A desperate mission through the depths of space. They must get out-world to survive. An insightful short story.

The Boy, The Girl – In the ravaged aftermath of an apocalyptic future war, a pair of twins struggle to survive, feeding themselves with tossed-away scraps and rumors of a better place. When his sister dies a hungry, lonely death, the boy vows to learn the truth. He will brave monsters of the wasteland to find sanctuary. If it exists, at all.

It’s a long way to go, but hope is the fuel to fire his heart. An insightful short story.

The Violent Kind – Tired of the endless lies of youth and the unfulfilled promises of adulthood, one man decides to put reality to the ultimate test. Standing in line at a bank to make a final withdrawal with a handgun in his pocket, he remains unconcerned when a gang of criminals burst into the lobby. After all, they still believe in the lies he has long since abandoned, and he is the violent kind.

He’s bound to snap, the violent kind. Sometimes goodness spoils the bad. An insightful short story.
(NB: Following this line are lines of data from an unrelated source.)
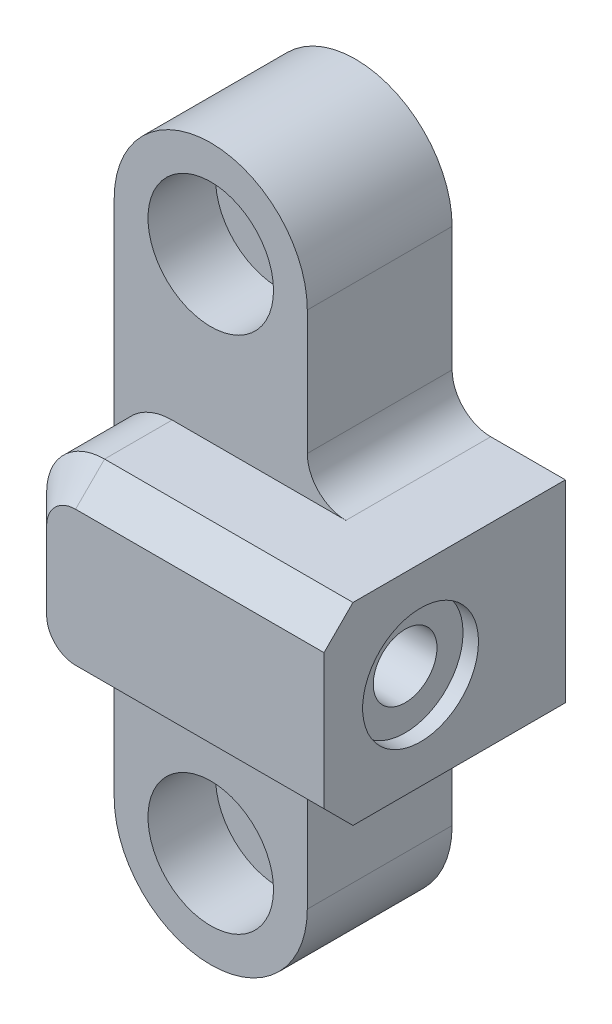
ISO-10303-21;
HEADER;
FILE_DESCRIPTION(('STEP AP214'),'2;1');
FILE_NAME('part.step','',(''),(''),'','','');
FILE_SCHEMA(('AUTOMOTIVE_DESIGN { 1 0 10303 214 1 1 1 1 }'));
ENDSEC;
DATA;
#1=APPLICATION_CONTEXT('core data for automotive mechanical design processes');
#2=APPLICATION_PROTOCOL_DEFINITION('international standard','automotive_design',2000,#1);
#3=PRODUCT_CONTEXT('',#1,'mechanical');
#4=PRODUCT('Part','Part','',(#3));
#5=PRODUCT_RELATED_PRODUCT_CATEGORY('part','',(#4));
#6=PRODUCT_DEFINITION_FORMATION('','',#4);
#7=PRODUCT_DEFINITION_CONTEXT('part definition',#1,'design');
#8=PRODUCT_DEFINITION('design','',#6,#7);
#9=PRODUCT_DEFINITION_SHAPE('','',#8);
#10=(LENGTH_UNIT() NAMED_UNIT(*) SI_UNIT(.MILLI.,.METRE.));
#11=(NAMED_UNIT(*) PLANE_ANGLE_UNIT() SI_UNIT($,.RADIAN.));
#12=(NAMED_UNIT(*) SI_UNIT($,.STERADIAN.) SOLID_ANGLE_UNIT());
#13=UNCERTAINTY_MEASURE_WITH_UNIT(LENGTH_MEASURE(1.E-05),#10,'distance_accuracy_value','');
#14=(GEOMETRIC_REPRESENTATION_CONTEXT(3) GLOBAL_UNCERTAINTY_ASSIGNED_CONTEXT((#13)) GLOBAL_UNIT_ASSIGNED_CONTEXT((#10,
#11,#12)) REPRESENTATION_CONTEXT('',''));
#15=CARTESIAN_POINT('',(0.,0.,0.));
#16=DIRECTION('',(0.,0.,1.));
#17=DIRECTION('',(1.,0.,0.));
#18=AXIS2_PLACEMENT_3D('',#15,#16,#17);
#19=CARTESIAN_POINT('',(24.300000000001,-5.,12.5));
#20=DIRECTION('',(1.,0.,0.));
#21=DIRECTION('',(0.,0.,-1.));
#22=AXIS2_PLACEMENT_3D('',#19,#20,#21);
#23=PLANE('',#22);
#24=CARTESIAN_POINT('',(24.300000000001,0.,7.5));
#25=DIRECTION('',(1.,0.,0.));
#26=DIRECTION('',(0.,0.,-1.));
#27=AXIS2_PLACEMENT_3D('',#24,#25,#26);
#28=CIRCLE('',#27,3.);
#29=CARTESIAN_POINT('',(24.300000000001,0.,4.5));
#30=VERTEX_POINT('',#29);
#31=EDGE_CURVE('E696',#30,#30,#28,.T.);
#32=ORIENTED_EDGE('',*,*,#31,.F.);
#33=EDGE_LOOP('',(#32));
#34=FACE_BOUND('',#33,.T.);
#35=DIRECTION('',(0.,0.,-1.));
#36=VECTOR('',#35,1.);
#37=CARTESIAN_POINT('',(24.300000000001,5.,12.5));
#38=LINE('',#37,#36);
#39=CARTESIAN_POINT('',(24.300000000001,5.,11.));
#40=VERTEX_POINT('',#39);
#41=CARTESIAN_POINT('',(24.300000000001,5.,0.));
#42=VERTEX_POINT('',#41);
#43=EDGE_CURVE('E220',#40,#42,#38,.T.);
#44=ORIENTED_EDGE('',*,*,#43,.F.);
#45=DIRECTION('',(0.,0.707106781186544,-0.707106781186551));
#46=VECTOR('',#45,1.);
#47=CARTESIAN_POINT('',(24.300000000001,-0.749999999999962,16.75));
#48=LINE('',#47,#46);
#49=CARTESIAN_POINT('',(24.300000000001,3.5,12.5));
#50=VERTEX_POINT('',#49);
#51=EDGE_CURVE('E259',#40,#50,#48,.F.);
#52=ORIENTED_EDGE('',*,*,#51,.T.);
#53=DIRECTION('',(0.,1.,0.));
#54=VECTOR('',#53,1.);
#55=CARTESIAN_POINT('',(24.300000000001,-5.,12.5));
#56=LINE('',#55,#54);
#57=CARTESIAN_POINT('',(24.300000000001,-3.50000000000001,12.5));
#58=VERTEX_POINT('',#57);
#59=EDGE_CURVE('E232',#58,#50,#56,.T.);
#60=ORIENTED_EDGE('',*,*,#59,.F.);
#61=DIRECTION('',(0.,-0.707106781186544,-0.707106781186551));
#62=VECTOR('',#61,1.);
#63=CARTESIAN_POINT('',(24.300000000001,-4.25,11.75));
#64=LINE('',#63,#62);
#65=CARTESIAN_POINT('',(24.300000000001,-5.,11.));
#66=VERTEX_POINT('',#65);
#67=EDGE_CURVE('E257',#58,#66,#64,.T.);
#68=ORIENTED_EDGE('',*,*,#67,.T.);
#69=DIRECTION('',(0.,0.,-1.));
#70=VECTOR('',#69,1.);
#71=CARTESIAN_POINT('',(24.300000000001,-5.,12.5));
#72=LINE('',#71,#70);
#73=CARTESIAN_POINT('',(24.300000000001,-5.,0.));
#74=VERTEX_POINT('',#73);
#75=EDGE_CURVE('E223',#66,#74,#72,.T.);
#76=ORIENTED_EDGE('',*,*,#75,.T.);
#77=DIRECTION('',(0.,1.,0.));
#78=VECTOR('',#77,1.);
#79=CARTESIAN_POINT('',(24.300000000001,-5.,0.));
#80=LINE('',#79,#78);
#81=EDGE_CURVE('E228',#74,#42,#80,.T.);
#82=ORIENTED_EDGE('',*,*,#81,.T.);
#83=EDGE_LOOP('',(#44,#52,#60,#68,#76,#82));
#84=FACE_BOUND('',#83,.T.);
#85=ADVANCED_FACE('F43',(#34,#84),#23,.T.);
#86=CARTESIAN_POINT('',(8.4350288425443,-5.,12.5));
#87=DIRECTION('',(0.,0.,1.));
#88=DIRECTION('',(1.,0.,0.));
#89=AXIS2_PLACEMENT_3D('',#86,#87,#88);
#90=PLANE('',#89);
#91=ORIENTED_EDGE('',*,*,#59,.T.);
#92=DIRECTION('',(-1.,0.,0.));
#93=VECTOR('',#92,1.);
#94=CARTESIAN_POINT('',(8.4350288425443,3.5,12.5));
#95=LINE('',#94,#93);
#96=CARTESIAN_POINT('',(11.4350288425443,3.5,12.5));
#97=VERTEX_POINT('',#96);
#98=EDGE_CURVE('E269',#50,#97,#95,.T.);
#99=ORIENTED_EDGE('',*,*,#98,.T.);
#100=CARTESIAN_POINT('',(11.4350288425443,2.,12.5));
#101=DIRECTION('',(0.,0.,1.));
#102=DIRECTION('',(1.,0.,0.));
#103=AXIS2_PLACEMENT_3D('',#100,#101,#102);
#104=CIRCLE('',#103,1.5);
#105=CARTESIAN_POINT('',(9.9350288425443,2.,12.5));
#106=VERTEX_POINT('',#105);
#107=EDGE_CURVE('E267',#97,#106,#104,.T.);
#108=ORIENTED_EDGE('',*,*,#107,.T.);
#109=DIRECTION('',(0.,-1.,0.));
#110=VECTOR('',#109,1.);
#111=CARTESIAN_POINT('',(9.9350288425443,-5.,12.5));
#112=LINE('',#111,#110);
#113=CARTESIAN_POINT('',(9.9350288425443,-2.,12.5));
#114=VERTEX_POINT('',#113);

Zuzus Petals – The ZuZu is a futuristic time clipper, a spacecraft capable of zapping backward and forward in time. As it embarks on its latest combat mission, one of the crew smuggles a forbidden keepsake onboard. It’s a rose-shaped medallion given to him by his youngest daughter. After a spectacular military victory, he finds the petals missing, along with the entire population of his home world. Can he alter space and time to return his family to the present as he remembers it?

The smallest things count in large amounts, given sufficient time. An insightful short story.

Reboot by Pippa Jay

reboot-smSource: ARC from author
Format: Kindle ebook
Rating: 5 Stars
Reviewer: Laurel

“Welcome to immortality in utopia!”

From the moment Damien signed up for a perfect life with ReGen Inc., he didn’t ask any questions. He didn’t want or need to know. But after he’s rebooted this time, there are gaps in his memory he can’t ignore, and people he no longer recognizes are accusing him of betrayal. When someone dies, he’s determined to go looking for answers…but sometimes it really is better to forget.

This book is due out on the 31st March 2014 in e-book format.

In Reboot we meet Damien, a man who has been cloned thirteen times. We don’t learn much about his past, what kind of man he is, or how it came to be that he is one of the few who live in the utopia created by ReGen Inc. – apart from the fact that he paid a lot of money for the privilege. Our acquaintance begins as he comes ‘alive’ in his thirteenth ‘incarnation’. That something is wrong is clear from the beginning, and that sense does not let up through the story, even as some questions are answered.

At first I felt this story would get four stars, but on considering what I would say about it in this review, I realised that it is really five-star-worthy. You see, the beauty of it is not so much what is said, but what is left unsaid. One is left pondering questions about ethics, morality, existentialism and, well, the future of humankind. One is also left asking, perhaps, the biggest question of all: “What would I do?” That is probably the most disturbing of all.

Reboot is written in Pippa Jay’s accessible, clear style. It is a quick read, but might leave you in deep thought for a good while after the last word has been taken in.